Band: Mack Maloney
Band Website: www.mackmaloney.com
Label: VoicePrint Records
Label Website:
Release Date: 2010
How
many times have you ever found yourself reading a book and in the process heard the soundtrack or at least some incidental music being
played in the theatre of your mind? I know I have. So it’s perhaps not unexpected or unusual that authors would look to that idea
as another creative outlook. Such is the case with award winning action writer Mack Maloney and his first music CD entitled Sky Club.
The sci-fi concept was begging for a soundtrack and so Maloney (keyboards) enlisted the help of Rich Kennedy (guitars, effects) and
Mark Poulin (guitars, bass, percussion, vocals) to bring the project to fruition. Before getting into the details of the story, this
“concept” CD is made up of twelve tracks, ten of which are pertinent cover tracks along with two originals. The covers come from artists
such as The Who, Jars of Clay, Mike and the Mechanics and many others. And they all service a purpose.

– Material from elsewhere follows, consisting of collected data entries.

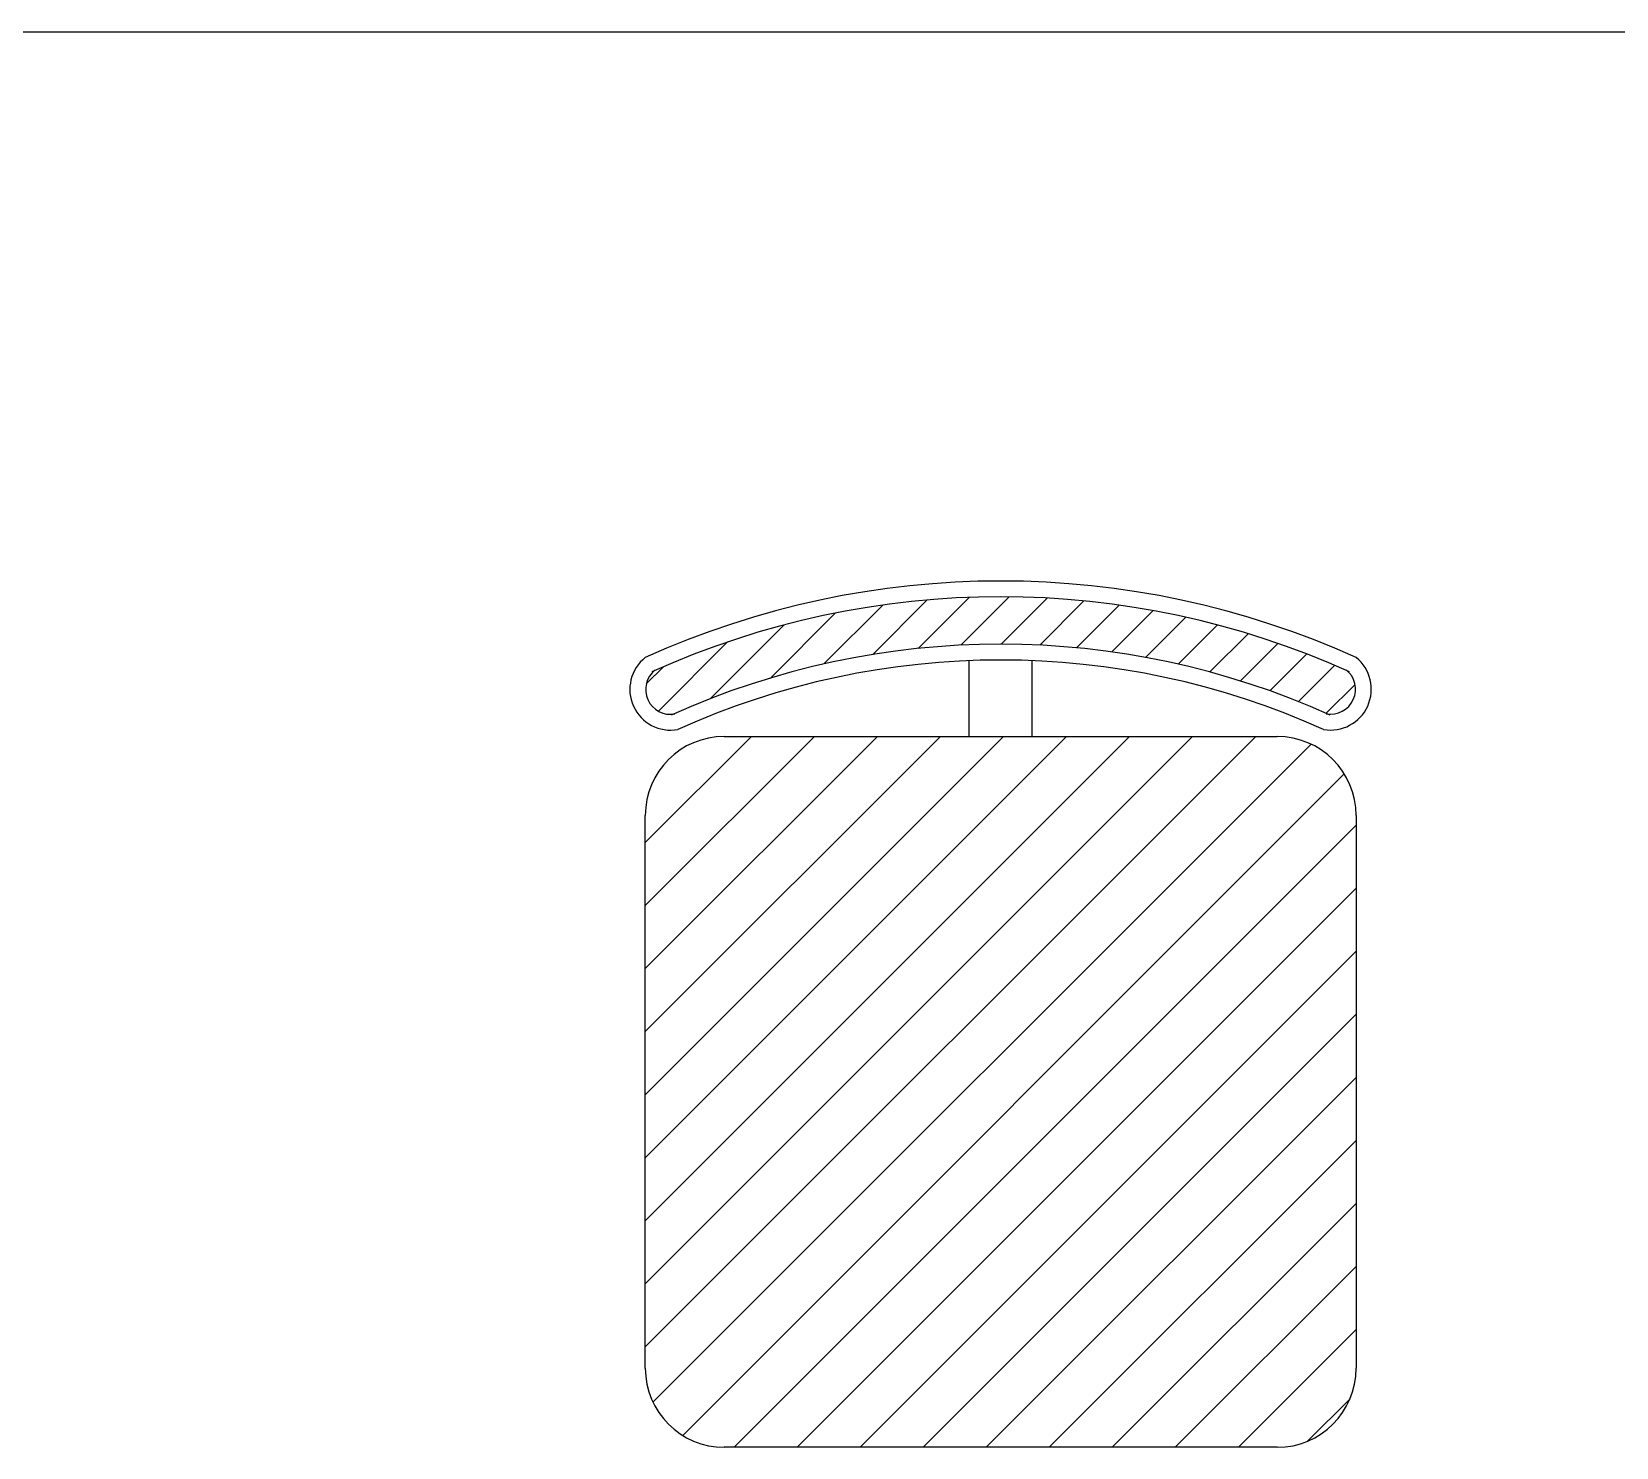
# Model space of a CAD drawing. Header units: inches. Extents: x 38074 to 101214, y 18833 to 57379.
# Drawn here: x 97711 to 98586, y 37059 to 37841 of the extents above; entities that cross this region are included whole.
import ezdxf

# ---------------------------------------------------------------- set-up
doc = ezdxf.new("R2010")
doc.units = ezdxf.units.IN
doc.layers.add('www.cad-blocks.net', color=7, linetype='Continuous')

# ---------------------------------------------------------------- blocks, each defined once
blk = doc.blocks.new('A$C403C54AD')
at = {"lineweight": 0, "ltscale": 0.05}
for p, q in [((1.01504, 2.04349, -0.0006), (0.98249, 2.01094, -0.0006)), ((1.0396, 2.04628, -0.0006), (1.00949, 2.01617, -0.0006)), ((1.0628, 2.04771, -0.0006), (1.03459, 2.0195, -0.0006)), ((1.08487, 2.04801, -0.0006), (1.05817, 2.02131, -0.0006)), ((1.10595, 2.04733, -0.0006), (1.08048, 2.02186, -0.0006)), ((1.12617, 2.04578, -0.0006), (1.10173, 2.02134, -0.0006)), ((1.14561, 2.04345, -0.0006), (1.12204, 2.01988, -0.0006)), ((1.16435, 2.04042, -0.0006), (1.14152, 2.01759, -0.0006)), ((0.96052, 2.0325, -0.0006), (0.91977, 1.99175, -0.0006)), ((0.98883, 2.03904, -0.0006), (0.95295, 2.00317, -0.0006)), ((1.18244, 2.03675, -0.0006), (1.16025, 2.01456, -0.0006)), ((1.19994, 2.03248, -0.0006), (1.17831, 2.01085, -0.0006)), ((0.92935, 2.0231, -0.0006), (0.89111, 1.98486, -0.0006)), ((1.21689, 2.02766, -0.0006), (1.19574, 2.00651, -0.0006)), ((1.23332, 2.02232, -0.0006), (1.21259, 2.00159, -0.0006)), ((1.24925, 2.01649, -0.0006), (1.22889, 1.99613, -0.0006)), ((0.89391, 2.00942, -0.0006), (0.88439, 1.9999, -0.0006)), ((1.26472, 2.01019, -0.0006), (1.24469, 1.99016, -0.0006)), ((1.27594, 1.99965, -0.0006), (1.25999, 1.98369, -0.0006)), ((1.22107, 1.97089, -0.0006), (0.88387, 1.63369, -0.0006)), ((1.18624, 1.97089, -0.0006), (0.88387, 1.66852, -0.0006)), ((1.15141, 1.97089, -0.0006), (0.88387, 1.70335, -0.0006)), ((1.11659, 1.97089, -0.0006), (0.88387, 1.73817, -0.0006)), ((1.08176, 1.97089, -0.0006), (0.88387, 1.773, -0.0006)), ((1.04693, 1.97089, -0.0006), (0.88387, 1.80783, -0.0006)), ((1.0121, 1.97089, -0.0006), (0.88387, 1.84266, -0.0006)), ((0.97728, 1.97089, -0.0006), (0.88387, 1.87749, -0.0006)), ((0.94245, 1.97089, -0.0006), (0.88387, 1.91231, -0.0006)), ((1.25166, 1.96666, -0.0006), (0.8881, 1.6031, -0.0006)), ((1.27003, 1.9502, -0.0006), (0.90456, 1.58473, -0.0006)), ((1.27654, 1.92188, -0.0006), (0.93288, 1.57822, -0.0006)), ((1.27654, 1.88705, -0.0006), (0.96771, 1.57822, -0.0006)), ((1.27654, 1.85223, -0.0006), (1.00253, 1.57822, -0.0006)), ((1.27654, 1.8174, -0.0006), (1.03736, 1.57822, -0.0006)), ((1.27654, 1.78257, -0.0006), (1.07219, 1.57822, -0.0006)), ((1.27654, 1.74774, -0.0006), (1.10702, 1.57822, -0.0006)), ((1.27654, 1.71292, -0.0006), (1.14185, 1.57822, -0.0006)), ((1.27654, 1.67809, -0.0006), (1.17667, 1.57822, -0.0006)), ((1.27654, 1.64326, -0.0006), (1.2115, 1.57822, -0.0006)), ((1.27319, 1.60508, -0.0006), (1.24968, 1.58157, -0.0006))]:
    blk.add_line(p, q, dxfattribs=at)
for p, q in [((1.06275, 1.97089, -0.0006), (1.06275, 2.01313, -0.0006)), ((1.09766, 1.97089, -0.0006), (1.09766, 2.01313, -0.0006)), ((0.9275, 1.97089, -0.0006), (1.23291, 1.97089, -0.0006)), ((0.88387, 1.75274, -0.0006), (0.88387, 1.92726, -0.0006)), ((1.27654, 1.92726, -0.0006), (1.27654, 1.62185, -0.0006)), ((0.88387, 1.62185, -0.0006), (0.88387, 1.75274, -0.0006)), ((1.23291, 1.57822, -0.0006), (0.9275, 1.57822, -0.0006))]:
    blk.add_line(p, q)
for centre, radius, start, end in [((1.0802, 1.57933, -0.0006), 0.47743, 65.7176, 114.2824), ((1.0802, 1.57933, -0.0006), 0.46871, 65.7176, 114.2824), ((0.89781, 1.99688, -0.0006), 0.02249, 128.33061, 280.2342), ((1.0802, 1.57933, -0.0006), 0.44253, 65.7176, 114.2824), ((1.26239, 1.99698, -0.0006), 0.02254, 260.33156, 51.10363), ((0.89781, 1.99688, -0.0006), 0.01376, 128.33061, 280.2342), ((1.0802, 1.57933, -0.0006), 0.4338, 65.7176, 114.2824), ((1.26239, 1.99698, -0.0006), 0.01382, 260.33156, 51.10363), ((0.9275, 1.92726, -0.0006), 0.04363, 90, 180), ((1.23291, 1.92726, -0.0006), 0.04363, 0, 90), ((0.9275, 1.62185, -0.0006), 0.04363, 180, 270), ((1.23291, 1.62185, -0.0006), 0.04363, 270, 0)]:
    blk.add_arc(centre, radius, start, end)
blk = doc.blocks.new('FORMAT')
at = {"color": 155, "true_color": 0x546d8e}
blk.add_line((41802.77, 37840.91), (101213.96, 37840.91), dxfattribs=at)

msp = doc.modelspace()

# ---------------------------------------------------------------- block references
at = {"xscale": 1000, "yscale": 1000, "zscale": 1000}
msp.add_blockref('A$C403C54AD', (97166.18, 35480.7, 0.6), dxfattribs=at)
at = {"layer": 'www.cad-blocks.net'}
msp.add_blockref('FORMAT', (0, 0), dxfattribs=at)

doc.saveas('drawing.dxf')

Sky Club is a sci-fi story
set in the future where an astronaut crash lands on a planet and slowly lives out his final days with nothing other than his iPod
and the music stored on it to keep him company. Years after his death an alien race with no appreciation for music finds his body
and the iPod. They’re able to restore the device and hear music for the first time. The 12 songs contained on Sky Club become the
history of the astronaut for these aliens and in a way he is immortalized by them. The songs includes tracks such as “Don’t Let Go
the Coat”, “Flood”, “Worlds Apart”, “Silent Running” and so forth. Each track is given an appropriately spacey intro and extro which
has a way of putting the song into the context of the story. As far as the covering of the songs, it’s done with a high degree of
accuracy sticking pretty close to the originals in terms of structure, although I must admit to being fooled a few times by the creative
arrangements.
This is an interesting project. The idea that Mack Maloney can
use another medium, that of music to help tell his story is clever. And while the musical approach is quite different it’s an idea
that he shares with Kevin J. Anderson of Roswell Six fame. My guess is that Sky Club will have pretty broad appeal. While the songs
themselves will appeal to fans of the artists whose music is included, prog fans will be intrigued with the overall concept and still
others who are fans of the sci-fi genre may want to give this a listen. There is an old radio maxim that says “the music grabs them
but the information holds them.” And that certainly seems to be the case with this creative project.